_Records provided_.
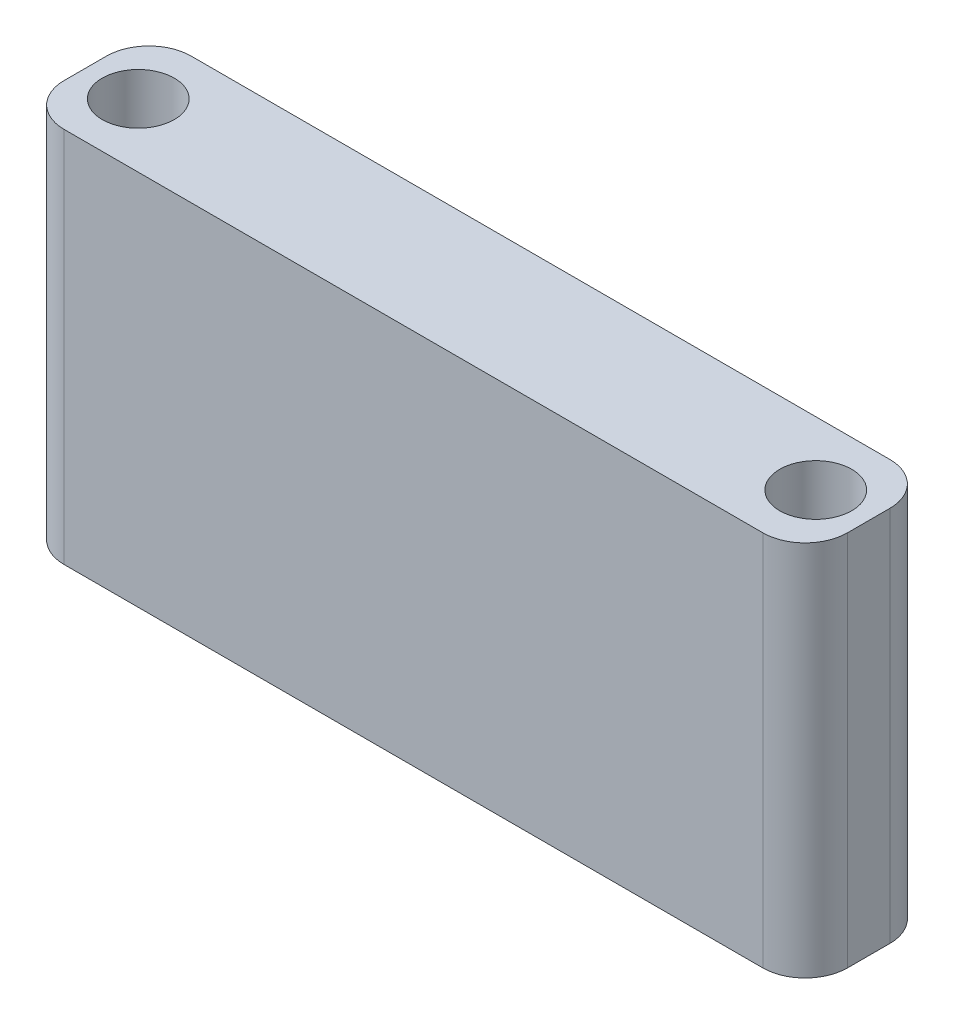
ISO-10303-21;
HEADER;
FILE_DESCRIPTION(('STEP AP214'),'2;1');
FILE_NAME('part.step','',(''),(''),'','','');
FILE_SCHEMA(('AUTOMOTIVE_DESIGN { 1 0 10303 214 1 1 1 1 }'));
ENDSEC;
DATA;
#1=APPLICATION_CONTEXT('core data for automotive mechanical design processes');
#2=APPLICATION_PROTOCOL_DEFINITION('international standard','automotive_design',2000,#1);
#3=PRODUCT_CONTEXT('',#1,'mechanical');
#4=PRODUCT('Part','Part','',(#3));
#5=PRODUCT_RELATED_PRODUCT_CATEGORY('part','',(#4));
#6=PRODUCT_DEFINITION_FORMATION('','',#4);
#7=PRODUCT_DEFINITION_CONTEXT('part definition',#1,'design');
#8=PRODUCT_DEFINITION('design','',#6,#7);
#9=PRODUCT_DEFINITION_SHAPE('','',#8);
#10=(LENGTH_UNIT() NAMED_UNIT(*) SI_UNIT(.MILLI.,.METRE.));
#11=(NAMED_UNIT(*) PLANE_ANGLE_UNIT() SI_UNIT($,.RADIAN.));
#12=(NAMED_UNIT(*) SI_UNIT($,.STERADIAN.) SOLID_ANGLE_UNIT());
#13=UNCERTAINTY_MEASURE_WITH_UNIT(LENGTH_MEASURE(1.E-05),#10,'distance_accuracy_value','');
#14=(GEOMETRIC_REPRESENTATION_CONTEXT(3) GLOBAL_UNCERTAINTY_ASSIGNED_CONTEXT((#13)) GLOBAL_UNIT_ASSIGNED_CONTEXT((#10,
#11,#12)) REPRESENTATION_CONTEXT('',''));
#15=CARTESIAN_POINT('',(0.,0.,0.));
#16=DIRECTION('',(0.,0.,1.));
#17=DIRECTION('',(1.,0.,0.));
#18=AXIS2_PLACEMENT_3D('',#15,#16,#17);
#19=CARTESIAN_POINT('',(0.,17.8,0.));
#20=DIRECTION('',(0.,-1.,0.));
#21=DIRECTION('',(0.,0.,-1.));
#22=AXIS2_PLACEMENT_3D('',#19,#20,#21);
#23=PLANE('',#22);
#24=DIRECTION('',(0.,0.,1.));
#25=VECTOR('',#24,1.);
#26=CARTESIAN_POINT('',(0.,17.8,0.));
#27=LINE('',#26,#25);
#28=CARTESIAN_POINT('',(0.,17.8,-4.));
#29=VERTEX_POINT('',#28);
#30=CARTESIAN_POINT('',(0.,17.8,-2.));
#31=VERTEX_POINT('',#30);
#32=EDGE_CURVE('E139',#29,#31,#27,.T.);
#33=ORIENTED_EDGE('',*,*,#32,.T.);
#34=CARTESIAN_POINT('',(2.,17.8,-2.));
#35=DIRECTION('',(0.,-1.,0.));
#36=DIRECTION('',(0.,0.,-1.));
#37=AXIS2_PLACEMENT_3D('',#34,#35,#36);
#38=CIRCLE('',#37,2.);
#39=CARTESIAN_POINT('',(2.,17.8,0.));
#40=VERTEX_POINT('',#39);
#41=EDGE_CURVE('E153',#31,#40,#38,.F.);
#42=ORIENTED_EDGE('',*,*,#41,.T.);
#43=DIRECTION('',(1.,0.,0.));
#44=VECTOR('',#43,1.);
#45=CARTESIAN_POINT('',(0.,17.8,0.));
#46=LINE('',#45,#44);
#47=CARTESIAN_POINT('',(35.,17.8,0.));
#48=VERTEX_POINT('',#47);
#49=EDGE_CURVE('E120',#40,#48,#46,.T.);
#50=ORIENTED_EDGE('',*,*,#49,.T.);
#51=CARTESIAN_POINT('',(35.,17.8,-2.));
#52=DIRECTION('',(0.,-1.,0.));
#53=DIRECTION('',(0.,0.,-1.));
#54=AXIS2_PLACEMENT_3D('',#51,#52,#53);
#55=CIRCLE('',#54,2.);
#56=CARTESIAN_POINT('',(37.,17.8,-2.));
#57=VERTEX_POINT('',#56);
#58=EDGE_CURVE('E149',#48,#57,#55,.F.);
#59=ORIENTED_EDGE('',*,*,#58,.T.);
#60=DIRECTION('',(0.,0.,-1.));
#61=VECTOR('',#60,1.);
#62=CARTESIAN_POINT('',(37.,17.8,0.));
#63=LINE('',#62,#61);
#64=CARTESIAN_POINT('',(37.,17.8,-4.));
#65=VERTEX_POINT('',#64);
#66=EDGE_CURVE('E162',#57,#65,#63,.T.);
#67=ORIENTED_EDGE('',*,*,#66,.T.);
#68=CARTESIAN_POINT('',(35.,17.8,-4.));
#69=DIRECTION('',(0.,-1.,0.));
#70=DIRECTION('',(0.,0.,-1.));
#71=AXIS2_PLACEMENT_3D('',#68,#69,#70);
#72=CIRCLE('',#71,2.);
#73=CARTESIAN_POINT('',(35.,17.8,-6.));
#74=VERTEX_POINT('',#73);
#75=EDGE_CURVE('E55',#65,#74,#72,.F.);
#76=ORIENTED_EDGE('',*,*,#75,.T.);
#77=DIRECTION('',(-1.,0.,0.));
#78=VECTOR('',#77,1.);
#79=CARTESIAN_POINT('',(0.,17.8,-6.));
#80=LINE('',#79,#78);
#81=CARTESIAN_POINT('',(2.,17.8,-6.));
#82=VERTEX_POINT('',#81);
#83=EDGE_CURVE('E140',#74,#82,#80,.T.);
#84=ORIENTED_EDGE('',*,*,#83,.T.);
#85=CARTESIAN_POINT('',(2.,17.8,-4.));
#86=DIRECTION('',(0.,-1.,0.));
#87=DIRECTION('',(0.,0.,-1.));
#88=AXIS2_PLACEMENT_3D('',#85,#86,#87);
#89=CIRCLE('',#88,2.);
#90=EDGE_CURVE('E151',#82,#29,#89,.F.);
#91=ORIENTED_EDGE('',*,*,#90,.T.);
#92=EDGE_LOOP('',(#33,#42,#50,#59,#67,#76,#84,#91));
#93=FACE_BOUND('',#92,.T.);
#94=CARTESIAN_POINT('',(2.5,17.8,-3.));
#95=DIRECTION('',(0.,1.,0.));
#96=DIRECTION('',(0.,0.,1.));
#97=AXIS2_PLACEMENT_3D('',#94,#95,#96);
#98=CIRCLE('',#97,1.7);
#99=CARTESIAN_POINT('',(2.5,17.8,-1.3));
#100=VERTEX_POINT('',#99);
#101=EDGE_CURVE('E134',#100,#100,#98,.T.);
#102=ORIENTED_EDGE('',*,*,#101,.F.);
#103=EDGE_LOOP('',(#102));
#104=FACE_BOUND('',#103,.T.);
#105=CARTESIAN_POINT('',(34.5,17.8,-3.));
#106=DIRECTION('',(0.,1.,0.));
#107=DIRECTION('',(0.,0.,1.));
#108=AXIS2_PLACEMENT_3D('',#105,#106,#107);
#109=CIRCLE('',#108,1.7);
#110=CARTESIAN_POINT('',(34.5,17.8,-1.3));
#111=VERTEX_POINT('',#110);
#112=EDGE_CURVE('E185',#111,#111,#109,.T.);
#113=ORIENTED_EDGE('',*,*,#112,.F.);
#114=EDGE_LOOP('',(#113));
#115=FACE_BOUND('',#114,.T.);
#116=ADVANCED_FACE('F33',(#93,#104,#115),#23,.F.);
#117=CARTESIAN_POINT('',(0.,0.,0.));
#118=DIRECTION('',(0.,-1.,0.));
#119=DIRECTION('',(0.,0.,-1.));
#120=AXIS2_PLACEMENT_3D('',#117,#118,#119);
#121=PLANE('',#120);
#122=CARTESIAN_POINT('',(2.5,0.,-3.));
#123=DIRECTION('',(0.,1.,0.));
#124=DIRECTION('',(0.,0.,1.));
#125=AXIS2_PLACEMENT_3D('',#122,#123,#124);
#126=CIRCLE('',#125,1.7);
#127=CARTESIAN_POINT('',(2.5,0.,-1.3));
#128=VERTEX_POINT('',#127);
#129=EDGE_CURVE('E182',#128,#128,#126,.T.);
#130=ORIENTED_EDGE('',*,*,#129,.T.);
#131=EDGE_LOOP('',(#130));
#132=FACE_BOUND('',#131,.T.);
#133=DIRECTION('',(1.,0.,0.));
#134=VECTOR('',#133,1.);
#135=CARTESIAN_POINT('',(0.,0.,0.));
#136=LINE('',#135,#134);
#137=CARTESIAN_POINT('',(2.,0.,0.));
#138=VERTEX_POINT('',#137);
#139=CARTESIAN_POINT('',(35.,0.,0.));
#140=VERTEX_POINT('',#139);
#141=EDGE_CURVE('E117',#138,#140,#136,.T.);
#142=ORIENTED_EDGE('',*,*,#141,.F.);
#143=CARTESIAN_POINT('',(2.,0.,-2.));
#144=DIRECTION('',(0.,-1.,0.));
#145=DIRECTION('',(0.,0.,-1.));
#146=AXIS2_PLACEMENT_3D('',#143,#144,#145);
#147=CIRCLE('',#146,2.);
#148=CARTESIAN_POINT('',(0.,0.,-2.));
#149=VERTEX_POINT('',#148);
#150=EDGE_CURVE('E100',#138,#149,#147,.T.);
#151=ORIENTED_EDGE('',*,*,#150,.T.);
#152=DIRECTION('',(0.,0.,1.));
#153=VECTOR('',#152,1.);
#154=CARTESIAN_POINT('',(0.,0.,0.));
#155=LINE('',#154,#153);
#156=CARTESIAN_POINT('',(0.,0.,-4.));
#157=VERTEX_POINT('',#156);
#158=EDGE_CURVE('E129',#157,#149,#155,.T.);
#159=ORIENTED_EDGE('',*,*,#158,.F.);
#160=CARTESIAN_POINT('',(2.,0.,-4.));
#161=DIRECTION('',(0.,-1.,0.));
#162=DIRECTION('',(0.,0.,-1.));
#163=AXIS2_PLACEMENT_3D('',#160,#161,#162);
#164=CIRCLE('',#163,2.);
#165=CARTESIAN_POINT('',(2.,0.,-6.));
#166=VERTEX_POINT('',#165);
#167=EDGE_CURVE('E111',#157,#166,#164,.T.);
#168=ORIENTED_EDGE('',*,*,#167,.T.);
#169=DIRECTION('',(-1.,0.,0.));
#170=VECTOR('',#169,1.);
#171=CARTESIAN_POINT('',(0.,0.,-6.));
#172=LINE('',#171,#170);
#173=CARTESIAN_POINT('',(35.,0.,-6.));
#174=VERTEX_POINT('',#173);
#175=EDGE_CURVE('E132',#174,#166,#172,.T.);
#176=ORIENTED_EDGE('',*,*,#175,.F.);
#177=CARTESIAN_POINT('',(35.,0.,-4.));
#178=DIRECTION('',(0.,-1.,0.));
#179=DIRECTION('',(0.,0.,-1.));
#180=AXIS2_PLACEMENT_3D('',#177,#178,#179);
#181=CIRCLE('',#180,2.);
#182=CARTESIAN_POINT('',(37.,0.,-4.));
#183=VERTEX_POINT('',#182);
#184=EDGE_CURVE('E121',#174,#183,#181,.T.);
#185=ORIENTED_EDGE('',*,*,#184,.T.);
#186=DIRECTION('',(0.,0.,-1.));
#187=VECTOR('',#186,1.);
#188=CARTESIAN_POINT('',(37.,0.,0.));
#189=LINE('',#188,#187);
#190=CARTESIAN_POINT('',(37.,0.,-2.));
#191=VERTEX_POINT('',#190);
#192=EDGE_CURVE('E128',#191,#183,#189,.T.);
#193=ORIENTED_EDGE('',*,*,#192,.F.);
#194=CARTESIAN_POINT('',(35.,0.,-2.));
#195=DIRECTION('',(0.,-1.,0.));
#196=DIRECTION('',(0.,0.,-1.));
#197=AXIS2_PLACEMENT_3D('',#194,#195,#196);
#198=CIRCLE('',#197,2.);
#199=EDGE_CURVE('E127',#191,#140,#198,.T.);
#200=ORIENTED_EDGE('',*,*,#199,.T.);
#201=EDGE_LOOP('',(#142,#151,#159,#168,#176,#185,#193,#200));
#202=FACE_BOUND('',#201,.T.);
#203=CARTESIAN_POINT('',(34.5,0.,-3.));
#204=DIRECTION('',(0.,1.,0.));
#205=DIRECTION('',(0.,0.,1.));
#206=AXIS2_PLACEMENT_3D('',#203,#204,#205);
#207=CIRCLE('',#206,1.7);
#208=CARTESIAN_POINT('',(34.5,0.,-1.3));
#209=VERTEX_POINT('',#208);
#210=EDGE_CURVE('E188',#209,#209,#207,.T.);
#211=ORIENTED_EDGE('',*,*,#210,.T.);
#212=EDGE_LOOP('',(#211));
#213=FACE_BOUND('',#212,.T.);
#214=ADVANCED_FACE('F124',(#132,#202,#213),#121,.T.);
#215=CARTESIAN_POINT('',(0.,17.8,0.));
#216=DIRECTION('',(1.,0.,0.));
#217=DIRECTION('',(0.,0.,-1.));
#218=AXIS2_PLACEMENT_3D('',#215,#216,#217);
#219=PLANE('',#218);
#220=ORIENTED_EDGE('',*,*,#158,.T.);
#221=DIRECTION('',(0.,-1.,0.));
#222=VECTOR('',#221,1.);
#223=CARTESIAN_POINT('',(0.,17.8,-2.));
#224=LINE('',#223,#222);
#225=EDGE_CURVE('E105',#149,#31,#224,.F.);
#226=ORIENTED_EDGE('',*,*,#225,.T.);
#227=ORIENTED_EDGE('',*,*,#32,.F.);
#228=DIRECTION('',(0.,-1.,0.));
#229=VECTOR('',#228,1.);
#230=CARTESIAN_POINT('',(0.,17.8,-4.));
#231=LINE('',#230,#229);
#232=EDGE_CURVE('E110',#29,#157,#231,.T.);
#233=ORIENTED_EDGE('',*,*,#232,.T.);
#234=EDGE_LOOP('',(#220,#226,#227,#233));
#235=FACE_BOUND('',#234,.T.);
#236=ADVANCED_FACE('F178',(#235),#219,.F.);
#237=CARTESIAN_POINT('',(0.,17.8,0.));
#238=DIRECTION('',(0.,0.,-1.));
#239=DIRECTION('',(-1.,0.,0.));
#240=AXIS2_PLACEMENT_3D('',#237,#238,#239);
#241=PLANE('',#240);
#242=ORIENTED_EDGE('',*,*,#49,.F.);
#243=DIRECTION('',(0.,-1.,0.));
#244=VECTOR('',#243,1.);
#245=CARTESIAN_POINT('',(2.,17.8,0.));
#246=LINE('',#245,#244);
#247=EDGE_CURVE('E104',#40,#138,#246,.T.);
#248=ORIENTED_EDGE('',*,*,#247,.T.);
#249=ORIENTED_EDGE('',*,*,#141,.T.);
#250=DIRECTION('',(0.,-1.,0.));
#251=VECTOR('',#250,1.);
#252=CARTESIAN_POINT('',(35.,17.8,0.));
#253=LINE('',#252,#251);
#254=EDGE_CURVE('E122',#140,#48,#253,.F.);
#255=ORIENTED_EDGE('',*,*,#254,.T.);
#256=EDGE_LOOP('',(#242,#248,#249,#255));
#257=FACE_BOUND('',#256,.T.);
#258=ADVANCED_FACE('F116',(#257),#241,.F.);
#259=CARTESIAN_POINT('',(37.,17.8,0.));
#260=DIRECTION('',(-1.,0.,0.));
#261=DIRECTION('',(0.,0.,1.));
#262=AXIS2_PLACEMENT_3D('',#259,#260,#261);
#263=PLANE('',#262);
#264=ORIENTED_EDGE('',*,*,#66,.F.);
#265=DIRECTION('',(0.,-1.,0.));
#266=VECTOR('',#265,1.);
#267=CARTESIAN_POINT('',(37.,17.8,-2.));
#268=LINE('',#267,#266);
#269=EDGE_CURVE('E11',#57,#191,#268,.T.);
#270=ORIENTED_EDGE('',*,*,#269,.T.);
#271=ORIENTED_EDGE('',*,*,#192,.T.);
#272=DIRECTION('',(0.,-1.,0.));
#273=VECTOR('',#272,1.);
#274=CARTESIAN_POINT('',(37.,17.8,-4.));
#275=LINE('',#274,#273);
#276=EDGE_CURVE('E41',#183,#65,#275,.F.);
#277=ORIENTED_EDGE('',*,*,#276,.T.);
#278=EDGE_LOOP('',(#264,#270,#271,#277));
#279=FACE_BOUND('',#278,.T.);
#280=ADVANCED_FACE('F161',(#279),#263,.F.);
#281=CARTESIAN_POINT('',(0.,17.8,-6.));
#282=DIRECTION('',(0.,0.,1.));
#283=DIRECTION('',(1.,0.,0.));
#284=AXIS2_PLACEMENT_3D('',#281,#282,#283);
#285=PLANE('',#284);
#286=ORIENTED_EDGE('',*,*,#175,.T.);
#287=DIRECTION('',(0.,-1.,0.));
#288=VECTOR('',#287,1.);
#289=CARTESIAN_POINT('',(2.,17.8,-6.));
#290=LINE('',#289,#288);
#291=EDGE_CURVE('E48',#166,#82,#290,.F.);
#292=ORIENTED_EDGE('',*,*,#291,.T.);
#293=ORIENTED_EDGE('',*,*,#83,.F.);
#294=DIRECTION('',(0.,-1.,0.));
#295=VECTOR('',#294,1.);
#296=CARTESIAN_POINT('',(35.,17.8,-6.));
#297=LINE('',#296,#295);
#298=EDGE_CURVE('E155',#74,#174,#297,.T.);
#299=ORIENTED_EDGE('',*,*,#298,.T.);
#300=EDGE_LOOP('',(#286,#292,#293,#299));
#301=FACE_BOUND('',#300,.T.);
#302=ADVANCED_FACE('F171',(#301),#285,.F.);
#303=CARTESIAN_POINT('',(2.5,17.8,-3.));
#304=DIRECTION('',(0.,-1.,0.));
#305=DIRECTION('',(0.,0.,-1.));
#306=AXIS2_PLACEMENT_3D('',#303,#304,#305);
#307=CYLINDRICAL_SURFACE('',#306,1.7);
#308=ORIENTED_EDGE('',*,*,#101,.T.);
#309=EDGE_LOOP('',(#308));
#310=FACE_BOUND('',#309,.T.);
#311=ORIENTED_EDGE('',*,*,#129,.F.);
#312=EDGE_LOOP('',(#311));
#313=FACE_BOUND('',#312,.T.);
#314=ADVANCED_FACE('F205',(#310,#313),#307,.F.);
#315=CARTESIAN_POINT('',(34.5,17.8,-3.));
#316=DIRECTION('',(0.,-1.,0.));
#317=DIRECTION('',(0.,0.,-1.));
#318=AXIS2_PLACEMENT_3D('',#315,#316,#317);
#319=CYLINDRICAL_SURFACE('',#318,1.7);
#320=ORIENTED_EDGE('',*,*,#112,.T.);
#321=EDGE_LOOP('',(#320));
#322=FACE_BOUND('',#321,.T.);
#323=ORIENTED_EDGE('',*,*,#210,.F.);
#324=EDGE_LOOP('',(#323));
#325=FACE_BOUND('',#324,.T.);
#326=ADVANCED_FACE('F194',(#322,#325),#319,.F.);
#327=CARTESIAN_POINT('',(2.,17.8,-2.));
#328=DIRECTION('',(0.,-1.,0.));
#329=DIRECTION('',(0.,0.,-1.));
#330=AXIS2_PLACEMENT_3D('',#327,#328,#329);
#331=CYLINDRICAL_SURFACE('',#330,2.);
#332=ORIENTED_EDGE('',*,*,#41,.F.);
#333=ORIENTED_EDGE('',*,*,#225,.F.);
#334=ORIENTED_EDGE('',*,*,#150,.F.);
#335=ORIENTED_EDGE('',*,*,#247,.F.);
#336=EDGE_LOOP('',(#332,#333,#334,#335));
#337=FACE_BOUND('',#336,.T.);
#338=ADVANCED_FACE('F103',(#337),#331,.T.);
#339=CARTESIAN_POINT('',(2.,17.8,-4.));
#340=DIRECTION('',(0.,-1.,0.));
#341=DIRECTION('',(0.,0.,-1.));
#342=AXIS2_PLACEMENT_3D('',#339,#340,#341);
#343=CYLINDRICAL_SURFACE('',#342,2.);
#344=ORIENTED_EDGE('',*,*,#90,.F.);
#345=ORIENTED_EDGE('',*,*,#291,.F.);
#346=ORIENTED_EDGE('',*,*,#167,.F.);
#347=ORIENTED_EDGE('',*,*,#232,.F.);
#348=EDGE_LOOP('',(#344,#345,#346,#347));
#349=FACE_BOUND('',#348,.T.);
#350=ADVANCED_FACE('F175',(#349),#343,.T.);
#351=CARTESIAN_POINT('',(35.,17.8,-2.));
#352=DIRECTION('',(0.,-1.,0.));
#353=DIRECTION('',(0.,0.,-1.));
#354=AXIS2_PLACEMENT_3D('',#351,#352,#353);
#355=CYLINDRICAL_SURFACE('',#354,2.);
#356=ORIENTED_EDGE('',*,*,#58,.F.);
#357=ORIENTED_EDGE('',*,*,#254,.F.);
#358=ORIENTED_EDGE('',*,*,#199,.F.);
#359=ORIENTED_EDGE('',*,*,#269,.F.);
#360=EDGE_LOOP('',(#356,#357,#358,#359));
#361=FACE_BOUND('',#360,.T.);
#362=ADVANCED_FACE('F219',(#361),#355,.T.);
#363=CARTESIAN_POINT('',(35.,17.8,-4.));
#364=DIRECTION('',(0.,-1.,0.));
#365=DIRECTION('',(0.,0.,-1.));
#366=AXIS2_PLACEMENT_3D('',#363,#364,#365);
#367=CYLINDRICAL_SURFACE('',#366,2.);
#368=ORIENTED_EDGE('',*,*,#75,.F.);
#369=ORIENTED_EDGE('',*,*,#276,.F.);
#370=ORIENTED_EDGE('',*,*,#184,.F.);
#371=ORIENTED_EDGE('',*,*,#298,.F.);
#372=EDGE_LOOP('',(#368,#369,#370,#371));
#373=FACE_BOUND('',#372,.T.);
#374=ADVANCED_FACE('F35',(#373),#367,.T.);
#375=CLOSED_SHELL('',(#116,#214,#236,#258,#280,#302,#314,#326,#338,#350,#362,#374));
#376=MANIFOLD_SOLID_BREP('B2',#375);
#377=ADVANCED_BREP_SHAPE_REPRESENTATION('',(#18,#376),#14);
#378=SHAPE_DEFINITION_REPRESENTATION(#9,#377);
ENDSEC;
END-ISO-10303-21;

_Task_.
All that belongs in your answer is the stretch of entries above from the line with "#100=VERTEX_POINT('',#99);" through the line with "#107=DIRECTION('',(0.,0.,1.));", printed exactly.

_Finished task_.
#100=VERTEX_POINT('',#99);
#101=EDGE_CURVE('E134',#100,#100,#98,.T.);
#102=ORIENTED_EDGE('',*,*,#101,.F.);
#103=EDGE_LOOP('',(#102));
#104=FACE_BOUND('',#103,.T.);
#105=CARTESIAN_POINT('',(34.5,17.8,-3.));
#106=DIRECTION('',(0.,1.,0.));
#107=DIRECTION('',(0.,0.,1.));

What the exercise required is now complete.